John Hunter, Argyll Scott’s CEO, discusses the importance in protecting UK jobs following the fall in stock and impact on the UK market: “Yesterday the people of the UK voted in a historic referendum with a momentous result that has left global markets and politicians across Europe reeling in shock.
“Whilst it is too early to tell what the short-term and long-term effects of this significant result will have on the UK employment market, Argyll Scott encourages politicians and business leaders to act decisively and responsibly to protect UK jobs, support UK based businesses and to secure the global mobility of talent. We will look to collaborate with fellow recruiters to work with government advisers and policy makers to ensure the UK’s future employment legislation continues to protect workers and enable businesses to secure the best talent to drive their future success and in turn that of the wider UK economy.”
Mariano Mamertino, an economist at Indeed, hopes the recruitment industry will not suffer from restrictions on the free movement of overseas workers: “After months of tortuous, recruitment-sapping uncertainty in Britain’s labour market, the Brexit verdict will deliver more of the same. A further, prolonged period of doubt will do little to encourage employers who have already delayed making hiring decisions to come off the fence. In the immediate term, some employers who deferred recruitment during the referendum campaign may now start to hire if they decide they can wait no longer.
“But the wider outlook remains hard to read, despite Despite Mark Carney’s pledge to do whatever it takes to prop up the UK economy. June’s official unemployment figures showed the jobless total reducing slightly, but the UK economy’s rate of job creation is fragile at best. In the longer term, crucial decisions will need to be made about what sort of labour market we want in Britain. UK employers have benefitted from the ability to recruit talent from overseas, and many Britons have seized the opportunity to live and work in other EU countries.

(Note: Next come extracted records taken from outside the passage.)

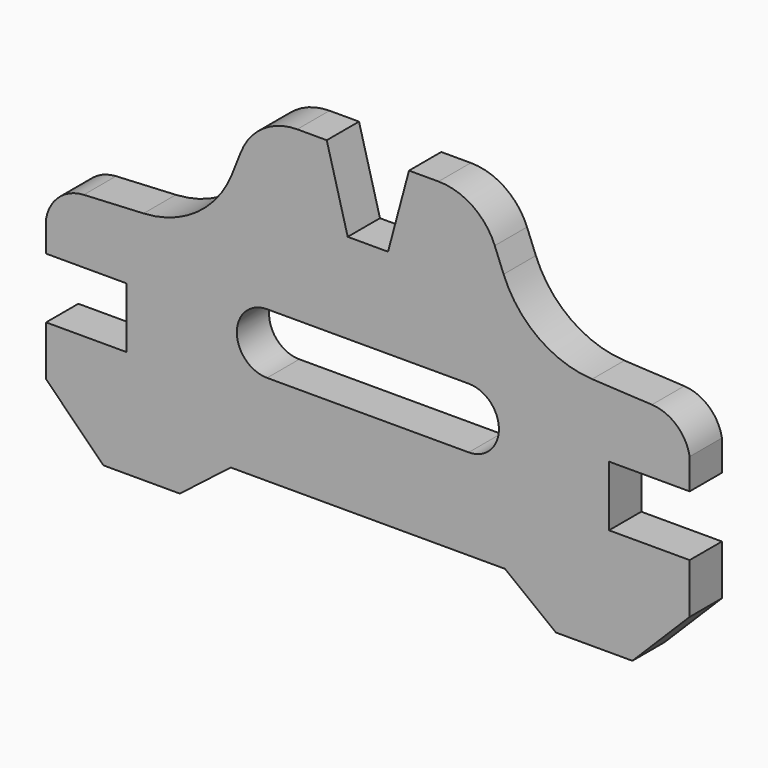
from build123d import *

# Parameters (mm, degrees)
F1_DEPTH     = 12.7
F2_T1_DEPTH  = 105.45546201
F2_T6_DEPTH  = 85.6153780659
F2_T11_DEPTH = 85.6153780659


# Not quite as in the source:
# - a fillet or chamfer that OpenCascade refuses, or shapes differently, is made with other operations: its cross-section is extruded or revolved along the edge and cut away or added


with BuildPart() as f1:
    # F0 (on Front) → F1 (new body)
    with BuildSketch(Plane.XZ):
        with BuildLine():
            Line((6.35, 54.2438933111), (-6.35, 54.2438933111))
            Line((-6.35, 54.2438933111), (-12.9517322031, 78.8818933111))
            Line((-12.9517322031, 78.8818933111), (-22.2531325433, 78.8818933111))
            ThreePointArc((-22.2531325433, 78.8818933111), (-32.9570059401, 75.5903702142), (-39.961976816, 66.8532417945))
            Line((-39.961976816, 66.8532417945), (-42.7458589128, 59.8318933111))
            ThreePointArc((-42.7458589128, 59.8318933111), (-53.7566077671, 45.7336602674), (-70.6412160864, 39.8254653493))
            Line((-70.6412160864, 39.8254653493), (-89.4780809568, 38.8634540506))
            ThreePointArc((-89.4780809568, 38.8634540506), (-97.258039529, 35.6807034492), (-101.346, 28.3358933111))
            Line((-101.346, 28.3358933111), (-101.346, 18.6838933111))
            Line((-101.346, 18.6838933111), (-75.946, 18.6838933111))
            Line((-75.946, 18.6838933111), (-75.946, -0.3661066889))
            Line((-75.946, -0.3661066889), (-101.346, -0.3661066889))
            Line((-101.346, -0.3661066889), (-101.346, -34.1481066889))
            Line((-101.346, -34.1481066889), (-45.212, -34.1481066889))
            Line((-45.212, -34.1481066889), (-42.0329745032, -21.7021066889))
            Line((-42.0329745032, -21.7021066889), (0, -21.7021066889))
            Line((0, -21.7021066889), (42.0329745032, -21.7021066889))
            Line((42.0329745032, -21.7021066889), (45.212, -34.1481066889))
            Line((45.212, -34.1481066889), (101.346, -34.1481066889))
            Line((101.346, -34.1481066889), (101.346, -0.3661066889))
            Line((101.346, -0.3661066889), (75.946, -0.3661066889))
            Line((75.946, -0.3661066889), (75.946, 18.6838933111))
            Line((75.946, 18.6838933111), (101.346, 18.6838933111))
            Line((101.346, 18.6838933111), (101.346, 28.3358933111))
            ThreePointArc((101.346, 28.3358933111), (97.258039529, 35.6807034492), (89.4780809568, 38.8634540506))
            Line((89.4780809568, 38.8634540506), (70.6412160864, 39.8254653493))
            ThreePointArc((70.6412160864, 39.8254653493), (53.7566077671, 45.7336602674), (42.7458589128, 59.8318933111))
            Line((42.7458589128, 59.8318933111), (39.961976816, 66.8532417945))
            ThreePointArc((39.961976816, 66.8532417945), (32.9570059401, 75.5903702142), (22.2531325433, 78.8818933111))
            Line((22.2531325433, 78.8818933111), (12.9517322031, 78.8818933111))
            Line((12.9517322031, 78.8818933111), (6.35, 54.2438933111))
        make_face()
        with BuildLine():
            ThreePointArc((-31.75, 6.8728933111), (-41.275, 16.3978933111), (-31.75, 25.9228933111))
            Line((-31.75, 25.9228933111), (31.75, 25.9228933111))
            ThreePointArc((31.75, 25.9228933111), (41.275, 16.3978933111), (31.75, 6.8728933111))
            Line((31.75, 6.8728933111), (-31.75, 6.8728933111))
        make_face(mode=Mode.SUBTRACT)
    extrude(amount=F1_DEPTH)

    # F2: chamfer of 18.034 on 4 edges, made by hand

    # F2_s2 → F2_t1 (cut)
    with BuildSketch(Plane.XZ.offset(-46.377731005)):
        Polygon((-101.346, -16.1141066889), (-83.312, -34.1481066889), (-101.346, -34.1481066889), align=None)
        Polygon((101.346, -16.1141066889), (83.312, -34.1481066889), (101.346, -34.1481066889), align=None)
    extrude(amount=F2_T1_DEPTH, mode=Mode.SUBTRACT)


with BuildPart() as f2_tool4:
    # F2_s5 → F2_t6 (new body)
    with BuildSketch(Plane.XZ.offset(-36.4576890329)):
        Polygon((-41.7456345338, -20.5771602982), (-59.218651116, -34.1481066889), (-45.212, -34.1481066889), align=None)
    extrude(amount=F2_T6_DEPTH)

    split(bisect_by=Plane.XY.offset(-21.7021066889), keep=Keep.BOTTOM)


with BuildPart() as f1_1:
    add(f1.part)

    # F2_t3: cut F2_tool4
    add(f2_tool4.part, mode=Mode.SUBTRACT)


with BuildPart() as f2_tool9:
    # F2_s10 → F2_t11 (new body)
    with BuildSketch(Plane.XZ.offset(-36.4576890329)):
        Polygon((59.218651116, -34.1481066889), (41.7456345338, -20.5771602982), (45.212, -34.1481066889), align=None)
    extrude(amount=F2_T11_DEPTH)

    split(bisect_by=Plane.XY.offset(-21.7021066889), keep=Keep.BOTTOM)


with BuildPart() as f1_2:
    add(f1_1.part)

    # F2_t8: cut F2_tool9
    add(f2_tool9.part, mode=Mode.SUBTRACT)


solid = f1_2.part

“While it’s unlikely that the shutters will suddenly be brought down on the English Channel, the free movement of workers has clear economic benefits – and it’s essential that British businesses can continue to be able to get the people they need to fill the jobs available. If Brexit is allowed to interrupt the flow of talent to the UK, Britain’s loss will be Ireland’s gain if skilled workers are lured by its dynamic and English-speaking labour market instead. So those tasked with the delicate job of negotiating the Brexit must ensure that a non-EU Britain enjoys the trade ties and access to European markets and talent that Norway and Switzerland do.”
Your World Healthcare
Ben Lawrence, a Director at Your World Healthcare, says: “The result today may see an impact on the recruitment of healthcare professionals from Europe. Any possible restrictions that could be placed on EU workers as a result, will vastly affect the chances of filling our ever-growing healthcare shortages.
“As an industry, our first contingency plan now should be to lobby the UK government to increase visa quotations from countries such as Australia. A restriction on healthcare professionals from South Africa, agreed more than decade ago, for example, will need to be reviewed to see if it can allow for their much valued healthcare professionals to come to Britain again.
“The next crucial step will be to permanently place nursing and healthcare professionals on the skills shortage list. With a growing population and ageing workforce within the NHS, tackling shortages will require robust action.”
As we listen intently to the news, all we can do is hope that Britain will remain strong throughout.